You don't have a variable named adsfn, you have one named absfn. So this will raise a NameError and fail to return anything.

If I fix that, then run this code with layoutDir set to a reasonable relative path with some kind of hierarchy in it, and store the resulting in-memory zipfile to disk like this:

with open('foo.zip', 'wb') as f:
    f.write(tmpZip.getvalue())

… then I end up with a zipfile with all of the files stored in it properly, meaning there is no problem at all.

So, if that typo isn't your problem, then whatever is your problem appears to be some other difference between the code you posted and the actual code we can't see.


It seems like your actual problem is that in your real code, you're trying to use an absolute or relative URL, like http://localhost:8888/path-to/Marketing, as the layoutDir. URLs and paths aren't the same thing. If you try to use that as a path one, it will be effectively the same as ./http:/localhost:8888/path-to-Marketing. You almost certainly don't have a directory named http: in the current working directory, so os.walk will just yield nothing, meaning you'll end up creating an empty zip file.

If the files you're trying to add are actually available at some (relative or absolute) path, use that path in place of the URL, and your problem will go away.

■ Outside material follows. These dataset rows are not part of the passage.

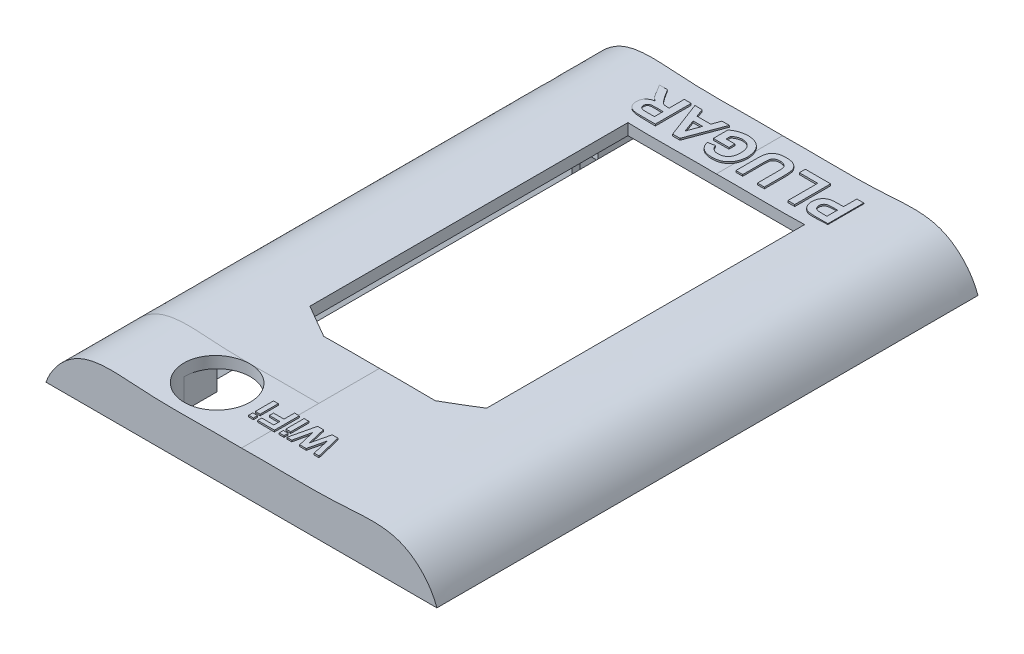
SolidWorks part; units mm, degrees
other "Câmera1"
ref_plane "Plano frontal" through (0, 0, 0) normal (0, 0, 1) x (1, 0, 0)
ref_plane "Plano superior" through (0, 0, 0) normal (0, 1, 0) x (1, 0, 0)
ref_plane "Plano direito" through (0, 0, 0) normal (1, 0, 0) x (0, 0, -1)
sketch "Forma Principal" plane through (0, 0, 0) normal (0, 0, 1) x (1, 0, 0)
  line L0 (20.4, -12.0302) -> (20.4, -9.6302)
  line L1 (0, 6.1527) -> (0, -15) construction
  line L2 (-20.4, -15) -> (-18.9151, -13.5151)
  line L3 (-35.4, -15) -> (-20.4, -15)
  line L4 (-20.4, -9.6302) -> (20.4, -9.6302)
  line L5 (-18.9151, -13.5151) -> (-20.4, -12.0302)
  line L6 (-20.4, -12.0302) -> (-20.4, -9.6302)
  line L7 (18.9151, -13.5151) -> (20.4, -12.0302)
  line L8 (35.4, -15) -> (20.4, -15)
  line L9 (20.4, -15) -> (18.9151, -13.5151)
  spline S0 degree 3 poles (-35.4, -15) (-34.3652, -12.0385) (-29.3659, -6.48) (-20.6106, -7.4076) (-11.0454, -7.778) (-4.641, -7.544) (0, -7.6302) knots 0 0 0 0 0.248558 0.508028 0.637571 1 1 1 1
  spline S1 degree 3 poles (35.4, -15) (34.3652, -12.0385) (29.3659, -6.48) (20.6106, -7.4076) (11.0454, -7.778) (4.641, -7.544) (0, -7.6302) knots 0 0 0 0 0.248558 0.508028 0.637571 1 1 1 1
  point P0 (0, 0)
  point P25 (0, -9.6302)
  dimension "D6" = 10
  dimension "D7" = 19
  dimension "D9" = 4
  dimension "D10" = 2
  dimension "D12" = 2.2
  dimension "D13" = 2
  dimension "D8" = 14
  dimension "D3" = 38.793
  dimension "D2" = 20.4
  dimension "D4" = 4
  dimension "D5" = 15
  dimension "D11" = 2
  dimension "D14" = 2.1
  dimension "D15" = 2.1
  dimension "D16" = 45
  dimension "D17" = 15
  dimension "D18" = 7
  dimension "D19" = 2.4
extrude "Corpo da Tampa" add sketch "Forma Principal" along normal blind 84
sketch "Esboço4" plane through (0, 0, 84) normal (0, 0, 1) x (1, 0, 0)
  line L1 (0, -7.6302) -> (0, -15) construction
  line L2 (-35.4, -15) -> (35.4, -15)
  spline S0 degree 3 poles (-35.4, -15) (-34.3652, -12.0385) (-29.3659, -6.48) (-20.6106, -7.4076) (-11.0454, -7.778) (-4.641, -7.544) (0, -7.6302) knots 0 0 0 0 0.248558 0.508028 0.637571 1 1 1 1
  spline S1 degree 3 poles (35.4, -15) (34.3652, -12.0385) (29.3659, -6.48) (20.6106, -7.4076) (11.0454, -7.778) (4.641, -7.544) (0, -7.6302) knots 0 0 0 0 0.248558 0.508028 0.637571 1 1 1 1
  dimension "D7" = 4
  dimension "D6" = 38.793
  dimension "D2" = 7.3698
  dimension "D3" = 7.3698
  dimension "D4" = 7.5698
  dimension "D5" = 6.8931
  dimension "D8" = 10
  dimension "D9" = 4
  dimension "D10" = 7.3698
  dimension "D14" = 7
  dimension "D18" = 7
extrude "Tampa Superior" add sketch "Esboço4" along normal blind 14
sketch "Esboço6" plane through (20.4, 0, 0) normal (-1, 0, 0) x (0, 0, 1)
  line L0 (84, -12.0302) -> (0, -12.0302) construction
  line L1 (17.75, -12.0302) -> (16.25, -12.0302)
  line L2 (17.75, -12.0302) -> (17.75, -15)
  line L3 (17.75, -15) -> (16.25, -15)
  line L4 (16.25, -12.0302) -> (16.25, -15)
  line L8 (13, -12.0302) -> (0, -12.0302)
  line L9 (13, -12.0302) -> (13, -15)
  line L10 (13, -15) -> (0, -15)
  line L11 (0, -12.0302) -> (0, -15)
  line L12 (84, -15) -> (0, -15) construction
  dimension "D1" = 1.5
  dimension "D2" = 16.25
  dimension "D3" = 13
extrude "Gancho Tampa" cut sketch "Esboço6" along normal blind 1.5 draft 45 draft outward yes
sketch "Esboço Antena" plane through (0, -15, 0) normal (0, -1, 0) x (1, 0, 0)
  line L3 (-6.4, 90) -> (-6.4, 84)
  line L4 (-20.4, 84) -> (20.4, 84) construction
  line L5 (-6.4, 84) -> (-18.4, 84)
  line L6 (-18.4, 84) -> (-18.4, 90)
  line L8 (-20.4, 84) -> (-20.4, 0) construction
  arc A0 (-6.4, 90) -> (-18.4, 90) centre (-12.4, 90) ccw
  dimension "D1" = 6
  dimension "D2" = 6
  dimension "D3" = 8
sketch "Furo" plane through (0, -9.6302, 0) normal (0, -1, 0) x (1, 0, 0)
  line L0 (0, 98) -> (0, 0) construction
  line L1 (-35.4, 98) -> (35.4, 98) construction
  line L2 (-16, 69.5936) -> (-10.1, 73)
  line L3 (-10.1, 73) -> (10.1, 73)
  line L4 (-16, 69.5936) -> (-16, 12)
  line L5 (-16, 12) -> (16, 12)
  line L6 (16, 69.5936) -> (16, 12)
  line L7 (-16, 73) -> (16, 12) construction
  line L8 (-16, 12) -> (16, 73) construction
  line L9 (10.1, 73) -> (16, 69.5936)
  line L12 (-35.4, 0) -> (0, 0) construction
  point P5 (0, 42.5)
  dimension "D1" = 12
  dimension "D2" = 61
  dimension "D3" = 32
  dimension "D4" = 5.9
  dimension "D5" = 30
  dimension "D6" = 5.9
  dimension "D7" = 30
extrude "Furo Furo" cut sketch "Furo" against normal blind 10
mirror "Gancho Espelho" about plane through (0, 0, 0) normal (1, 0, 0) of "Gancho Tampa"
extrude "Furo Interno Antena" cut sketch "Esboço Antena" against normal up to surface (5.3698 mm away) up to face at (0, -9.6302, 51.5312)
sketch "Furo Antena" plane through (0, -9.6302, 0) normal (0, -1, 0) x (1, 0, 0)
  circle A0 centre (-12.4, 90) radius 6
extrude "Corte Antena" cut sketch "Furo Antena" against normal through all
sketch "Escrito" plane through (0, -9.6302, 0) normal (0, -1, 0) x (1, 0, 0)
  line L0 (-20.4, 3.5) -> (20.4, 3.5) construction
  line L1 (-20.4, 84) -> (-20.4, 0) construction
  line L2 (20.4, 84) -> (20.4, 0) construction
  line L3 (-20.4, 0) -> (20.4, 0) construction
  line L6 (-6.4, 84) -> (20.4, 84) construction
  line L8 (20.4, 88) -> (-4.6, 88) construction
  line L10 (20.4, 84) -> (20.4, 17.75) construction
  text T0 "PLUGAR" font "Arial" height 6.5
  text T2 "WiFi" font "Arial" height 4.5
  dimension "D1" = 3.5
  dimension "D3" = 0.9059
  dimension "D4" = 10.7726
  dimension "D7" = 25
  dimension "D8" = 0.7452
  dimension "D9" = 17.2307
  dimension "D10" = 4
extrude "Texto" add sketch "Escrito" against normal blind 2.3
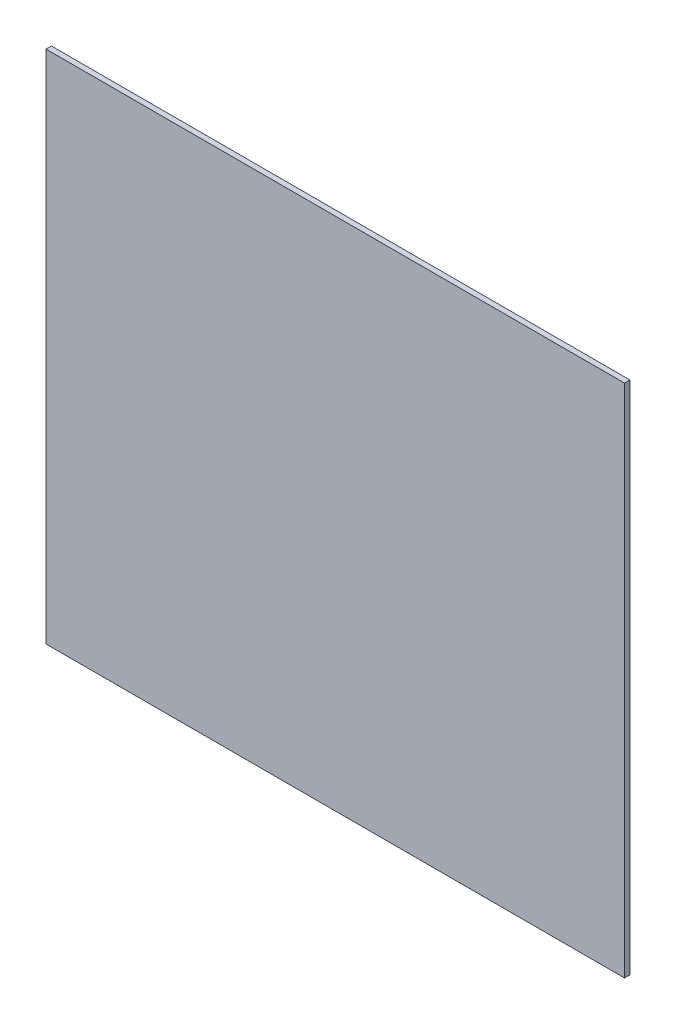
SolidWorks part; units mm, degrees
ref_plane "Front Plane" through (0, 0, 0) normal (0, 0, 1) x (1, 0, 0)
ref_plane "Top Plane" through (0, 0, 0) normal (0, 1, 0) x (1, 0, 0)
ref_plane "Right Plane" through (0, 0, 0) normal (1, 0, 0) x (0, 0, -1)
sketch "Sketch1" plane through (0, 0, 0) normal (0, 0, 1) x (1, 0, 0)
  line L1 (-160, -142.5) -> (160, -142.5)
  line L2 (-160, -142.5) -> (-160, 142.5)
  line L3 (-160, 142.5) -> (160, 142.5)
  line L4 (160, -142.5) -> (160, 142.5)
  line L5 (-160, -142.5) -> (160, 142.5) construction
  line L6 (-160, 142.5) -> (160, -142.5) construction
  point P0 (0, 0)
  dimension "D1" = 285
  dimension "D2" = 320
extrude "Boss-Extrude1" add sketch "Sketch1" along normal blind 3
equation "\"PCWidth\"= 172mm"
equation "\"PCLength\"= 320mm"
equation "\"PCHeight\"= 242mm"
equation "\"WallThickness\"= 9mm"
equation "\"ThermoBarrierThickness\"= 3mm"
equation "\"HotSideGap\"= 50mm"
equation "\"PCClearance\"= 25mm"
equation "\"RadiatorHeight\"= 275mm"
equation "\"D1@Sketch1\"=\"RadiatorHeight\" + 10"
equation "\"D2@Sketch1\"=\"PCLength\""
equation "\"D1@Boss-Extrude1\"=\"ThermoBarrierThickness\""

If they're only available via HTTP, then what you're trying to do is impossible; there is no way to walk the "subdirectories" of an HTTP URL; the concept isn't even meaningful. In many cases, of course, web servers map parts of the URL path to some filesystem path and provide some way to navigate that filesystem indirectly (e.g., by having an option to auto-generate an index.html page full of links), but to take advantage of that you need to know exactly how the server in question is exposing that information, then writing scraping code to take advantage of it. And then, even once you have all the links, you can't pass a URL to zipfile.write, only a file. Which means you have to download each URL (e.g., read it into memory and then writestr the result).